'''

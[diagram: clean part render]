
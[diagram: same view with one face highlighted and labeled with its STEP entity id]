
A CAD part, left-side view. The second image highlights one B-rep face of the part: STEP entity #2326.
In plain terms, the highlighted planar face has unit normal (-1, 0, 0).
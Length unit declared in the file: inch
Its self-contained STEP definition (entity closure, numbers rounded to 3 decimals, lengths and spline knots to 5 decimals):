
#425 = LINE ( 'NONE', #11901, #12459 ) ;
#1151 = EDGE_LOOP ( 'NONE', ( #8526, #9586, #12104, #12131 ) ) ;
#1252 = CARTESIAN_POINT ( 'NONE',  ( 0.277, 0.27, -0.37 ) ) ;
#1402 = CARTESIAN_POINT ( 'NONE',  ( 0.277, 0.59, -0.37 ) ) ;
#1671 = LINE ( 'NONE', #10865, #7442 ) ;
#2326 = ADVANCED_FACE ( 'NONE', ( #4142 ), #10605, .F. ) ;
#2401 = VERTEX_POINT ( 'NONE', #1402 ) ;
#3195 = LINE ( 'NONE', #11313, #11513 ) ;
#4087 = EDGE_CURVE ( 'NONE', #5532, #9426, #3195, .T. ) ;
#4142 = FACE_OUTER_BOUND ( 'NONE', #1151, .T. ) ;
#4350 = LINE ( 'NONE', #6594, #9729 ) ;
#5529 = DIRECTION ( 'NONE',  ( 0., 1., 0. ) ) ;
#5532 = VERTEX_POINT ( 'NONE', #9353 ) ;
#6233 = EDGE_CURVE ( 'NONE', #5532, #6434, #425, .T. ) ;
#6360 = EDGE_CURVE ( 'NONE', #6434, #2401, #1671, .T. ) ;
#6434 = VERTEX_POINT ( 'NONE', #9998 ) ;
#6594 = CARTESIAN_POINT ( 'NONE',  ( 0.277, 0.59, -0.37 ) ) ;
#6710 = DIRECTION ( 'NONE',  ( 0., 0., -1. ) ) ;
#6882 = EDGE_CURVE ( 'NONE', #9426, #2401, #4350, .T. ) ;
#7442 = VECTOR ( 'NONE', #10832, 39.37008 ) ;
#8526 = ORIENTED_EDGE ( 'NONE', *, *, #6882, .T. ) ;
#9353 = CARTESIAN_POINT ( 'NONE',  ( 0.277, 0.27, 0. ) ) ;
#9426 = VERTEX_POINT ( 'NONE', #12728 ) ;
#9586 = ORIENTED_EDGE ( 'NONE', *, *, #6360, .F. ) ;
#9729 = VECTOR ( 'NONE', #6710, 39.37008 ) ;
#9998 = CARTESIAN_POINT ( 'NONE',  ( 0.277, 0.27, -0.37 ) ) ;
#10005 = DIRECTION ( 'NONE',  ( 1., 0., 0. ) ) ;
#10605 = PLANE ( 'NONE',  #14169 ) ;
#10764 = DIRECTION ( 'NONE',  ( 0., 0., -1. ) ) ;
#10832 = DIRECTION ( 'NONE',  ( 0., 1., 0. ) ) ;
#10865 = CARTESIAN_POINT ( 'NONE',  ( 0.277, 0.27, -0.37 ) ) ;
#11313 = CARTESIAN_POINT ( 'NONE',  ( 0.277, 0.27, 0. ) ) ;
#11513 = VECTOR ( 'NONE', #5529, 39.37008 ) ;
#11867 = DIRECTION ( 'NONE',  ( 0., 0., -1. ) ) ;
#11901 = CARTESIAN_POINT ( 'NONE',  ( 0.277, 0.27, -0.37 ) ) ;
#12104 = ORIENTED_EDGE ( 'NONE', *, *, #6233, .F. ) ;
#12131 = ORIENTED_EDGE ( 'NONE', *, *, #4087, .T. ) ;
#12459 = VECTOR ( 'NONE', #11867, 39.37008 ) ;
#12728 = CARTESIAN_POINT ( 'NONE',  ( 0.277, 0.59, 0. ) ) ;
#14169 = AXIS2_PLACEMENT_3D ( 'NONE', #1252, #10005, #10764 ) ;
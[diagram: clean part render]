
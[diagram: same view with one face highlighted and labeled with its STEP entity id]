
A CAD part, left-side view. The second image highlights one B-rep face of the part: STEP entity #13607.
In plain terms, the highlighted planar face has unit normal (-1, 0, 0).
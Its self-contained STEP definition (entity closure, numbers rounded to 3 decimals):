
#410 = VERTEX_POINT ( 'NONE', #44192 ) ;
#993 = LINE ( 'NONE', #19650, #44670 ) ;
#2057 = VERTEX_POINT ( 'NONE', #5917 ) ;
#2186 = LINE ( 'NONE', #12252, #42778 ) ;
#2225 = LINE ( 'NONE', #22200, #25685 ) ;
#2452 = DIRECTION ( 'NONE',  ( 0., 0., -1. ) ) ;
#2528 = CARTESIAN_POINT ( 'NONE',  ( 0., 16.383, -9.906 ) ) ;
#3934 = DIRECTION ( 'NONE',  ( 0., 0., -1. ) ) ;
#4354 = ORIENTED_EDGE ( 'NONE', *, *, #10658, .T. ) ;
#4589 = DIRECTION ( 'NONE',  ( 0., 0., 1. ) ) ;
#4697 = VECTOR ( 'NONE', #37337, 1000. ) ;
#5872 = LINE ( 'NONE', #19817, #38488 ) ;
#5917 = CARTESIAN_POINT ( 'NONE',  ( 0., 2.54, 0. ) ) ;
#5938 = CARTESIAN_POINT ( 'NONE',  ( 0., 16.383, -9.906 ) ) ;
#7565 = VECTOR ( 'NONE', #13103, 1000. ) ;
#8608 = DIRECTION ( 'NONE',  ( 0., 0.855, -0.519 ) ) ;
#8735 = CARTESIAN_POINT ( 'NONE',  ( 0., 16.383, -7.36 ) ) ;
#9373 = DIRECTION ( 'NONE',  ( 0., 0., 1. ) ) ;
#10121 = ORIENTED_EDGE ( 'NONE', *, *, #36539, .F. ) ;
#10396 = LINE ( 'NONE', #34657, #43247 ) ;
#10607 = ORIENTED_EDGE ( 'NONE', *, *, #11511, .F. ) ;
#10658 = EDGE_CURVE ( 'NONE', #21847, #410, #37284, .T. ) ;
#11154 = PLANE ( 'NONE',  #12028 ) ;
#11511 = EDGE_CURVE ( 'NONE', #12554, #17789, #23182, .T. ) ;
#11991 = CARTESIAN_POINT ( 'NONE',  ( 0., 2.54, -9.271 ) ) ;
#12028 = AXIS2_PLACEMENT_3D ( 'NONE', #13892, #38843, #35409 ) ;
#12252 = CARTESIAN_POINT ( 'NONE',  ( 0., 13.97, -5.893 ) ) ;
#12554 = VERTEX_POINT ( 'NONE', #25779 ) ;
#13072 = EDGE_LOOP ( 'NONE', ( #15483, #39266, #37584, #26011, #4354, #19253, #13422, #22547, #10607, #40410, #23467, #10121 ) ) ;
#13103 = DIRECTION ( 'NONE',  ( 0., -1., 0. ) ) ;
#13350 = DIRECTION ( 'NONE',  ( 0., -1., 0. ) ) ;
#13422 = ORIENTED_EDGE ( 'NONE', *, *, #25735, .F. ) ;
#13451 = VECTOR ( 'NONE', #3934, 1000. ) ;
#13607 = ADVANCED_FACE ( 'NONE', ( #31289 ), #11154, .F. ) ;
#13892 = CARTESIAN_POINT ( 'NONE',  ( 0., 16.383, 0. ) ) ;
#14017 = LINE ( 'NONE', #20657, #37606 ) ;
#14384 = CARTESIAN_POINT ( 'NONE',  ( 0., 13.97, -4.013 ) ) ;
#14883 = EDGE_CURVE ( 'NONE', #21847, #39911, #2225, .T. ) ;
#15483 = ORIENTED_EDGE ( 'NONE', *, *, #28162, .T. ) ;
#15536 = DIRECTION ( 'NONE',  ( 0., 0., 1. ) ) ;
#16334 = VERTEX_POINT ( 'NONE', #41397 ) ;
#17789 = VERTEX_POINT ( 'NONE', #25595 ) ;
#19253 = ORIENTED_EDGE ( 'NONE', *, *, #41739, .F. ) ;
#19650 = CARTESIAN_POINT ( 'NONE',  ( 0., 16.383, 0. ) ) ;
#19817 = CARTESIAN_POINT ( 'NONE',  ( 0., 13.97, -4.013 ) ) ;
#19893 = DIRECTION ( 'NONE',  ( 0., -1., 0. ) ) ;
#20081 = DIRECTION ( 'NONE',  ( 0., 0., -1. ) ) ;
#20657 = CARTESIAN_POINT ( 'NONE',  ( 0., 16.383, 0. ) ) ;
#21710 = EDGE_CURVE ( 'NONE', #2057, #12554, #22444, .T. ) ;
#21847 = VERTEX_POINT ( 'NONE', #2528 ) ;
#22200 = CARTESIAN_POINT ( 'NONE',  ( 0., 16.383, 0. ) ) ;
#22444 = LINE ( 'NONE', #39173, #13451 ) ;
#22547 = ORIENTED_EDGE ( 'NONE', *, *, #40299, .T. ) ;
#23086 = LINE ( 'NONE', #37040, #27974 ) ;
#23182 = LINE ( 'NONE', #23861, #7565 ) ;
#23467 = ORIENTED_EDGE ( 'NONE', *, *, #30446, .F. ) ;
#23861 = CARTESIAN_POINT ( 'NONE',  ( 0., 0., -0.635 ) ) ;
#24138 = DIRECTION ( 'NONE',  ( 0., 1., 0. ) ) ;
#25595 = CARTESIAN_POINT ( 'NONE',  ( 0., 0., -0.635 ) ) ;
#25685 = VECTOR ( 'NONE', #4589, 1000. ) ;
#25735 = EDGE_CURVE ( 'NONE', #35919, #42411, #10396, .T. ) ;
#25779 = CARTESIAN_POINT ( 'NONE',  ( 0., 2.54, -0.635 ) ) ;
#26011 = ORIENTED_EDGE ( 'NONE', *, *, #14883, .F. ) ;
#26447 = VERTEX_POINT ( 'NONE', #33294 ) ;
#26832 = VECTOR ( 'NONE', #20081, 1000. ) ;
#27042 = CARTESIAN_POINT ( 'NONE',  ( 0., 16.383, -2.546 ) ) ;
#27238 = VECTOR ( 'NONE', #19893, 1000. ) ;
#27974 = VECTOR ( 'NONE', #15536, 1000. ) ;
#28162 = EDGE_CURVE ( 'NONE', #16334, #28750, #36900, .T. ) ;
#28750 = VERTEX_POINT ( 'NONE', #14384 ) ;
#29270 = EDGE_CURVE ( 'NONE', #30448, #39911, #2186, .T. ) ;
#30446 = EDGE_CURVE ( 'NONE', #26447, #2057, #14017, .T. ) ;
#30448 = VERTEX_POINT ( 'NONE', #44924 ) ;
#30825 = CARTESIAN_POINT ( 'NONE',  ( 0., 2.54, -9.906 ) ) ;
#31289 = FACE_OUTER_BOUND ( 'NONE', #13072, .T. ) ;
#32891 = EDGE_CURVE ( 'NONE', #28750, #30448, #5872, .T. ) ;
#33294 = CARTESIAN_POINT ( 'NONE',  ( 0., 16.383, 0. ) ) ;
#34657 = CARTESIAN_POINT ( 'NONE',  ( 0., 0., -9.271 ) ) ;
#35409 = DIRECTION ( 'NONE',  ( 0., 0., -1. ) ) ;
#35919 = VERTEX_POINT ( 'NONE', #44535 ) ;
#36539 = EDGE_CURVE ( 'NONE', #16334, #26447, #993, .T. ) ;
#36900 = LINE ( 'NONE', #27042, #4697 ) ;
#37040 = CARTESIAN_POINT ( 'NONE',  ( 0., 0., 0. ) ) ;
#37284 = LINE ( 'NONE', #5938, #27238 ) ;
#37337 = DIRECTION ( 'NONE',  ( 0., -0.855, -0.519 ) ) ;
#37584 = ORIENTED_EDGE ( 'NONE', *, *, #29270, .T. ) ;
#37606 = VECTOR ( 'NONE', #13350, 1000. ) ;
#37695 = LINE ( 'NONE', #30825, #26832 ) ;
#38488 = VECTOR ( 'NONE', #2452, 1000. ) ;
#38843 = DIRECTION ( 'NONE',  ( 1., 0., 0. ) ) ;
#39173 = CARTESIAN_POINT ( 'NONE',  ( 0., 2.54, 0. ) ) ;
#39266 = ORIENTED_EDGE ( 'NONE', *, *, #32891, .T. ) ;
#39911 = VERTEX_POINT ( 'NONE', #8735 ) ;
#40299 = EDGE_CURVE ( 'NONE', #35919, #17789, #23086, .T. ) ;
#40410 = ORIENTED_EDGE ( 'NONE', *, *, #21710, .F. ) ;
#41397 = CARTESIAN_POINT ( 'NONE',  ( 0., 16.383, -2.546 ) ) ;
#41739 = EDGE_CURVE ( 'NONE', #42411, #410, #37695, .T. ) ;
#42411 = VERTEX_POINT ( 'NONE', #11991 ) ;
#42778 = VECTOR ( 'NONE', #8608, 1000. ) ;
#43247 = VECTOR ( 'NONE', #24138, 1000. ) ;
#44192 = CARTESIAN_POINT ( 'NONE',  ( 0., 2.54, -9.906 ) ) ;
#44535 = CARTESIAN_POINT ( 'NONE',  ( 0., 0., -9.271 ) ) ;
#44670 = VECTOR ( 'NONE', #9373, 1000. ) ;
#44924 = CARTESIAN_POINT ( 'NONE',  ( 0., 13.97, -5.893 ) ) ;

'''

● Prompt: Would you please repeat exactly the lines above, starting at the line with "#36900 = LINE ( 'NONE', #27042, #4697 ) ;" and stopping at the line with "#38488 = VECTOR ( 'NONE', #2452, 1000. ) ;", both included?

● Reply:
#36900 = LINE ( 'NONE', #27042, #4697 ) ;
#37040 = CARTESIAN_POINT ( 'NONE',  ( 0., 0., 0. ) ) ;
#37284 = LINE ( 'NONE', #5938, #27238 ) ;
#37337 = DIRECTION ( 'NONE',  ( 0., -0.855, -0.519 ) ) ;
#37584 = ORIENTED_EDGE ( 'NONE', *, *, #29270, .T. ) ;
#37606 = VECTOR ( 'NONE', #13350, 1000. ) ;
#37695 = LINE ( 'NONE', #30825, #26832 ) ;
#38488 = VECTOR ( 'NONE', #2452, 1000. ) ;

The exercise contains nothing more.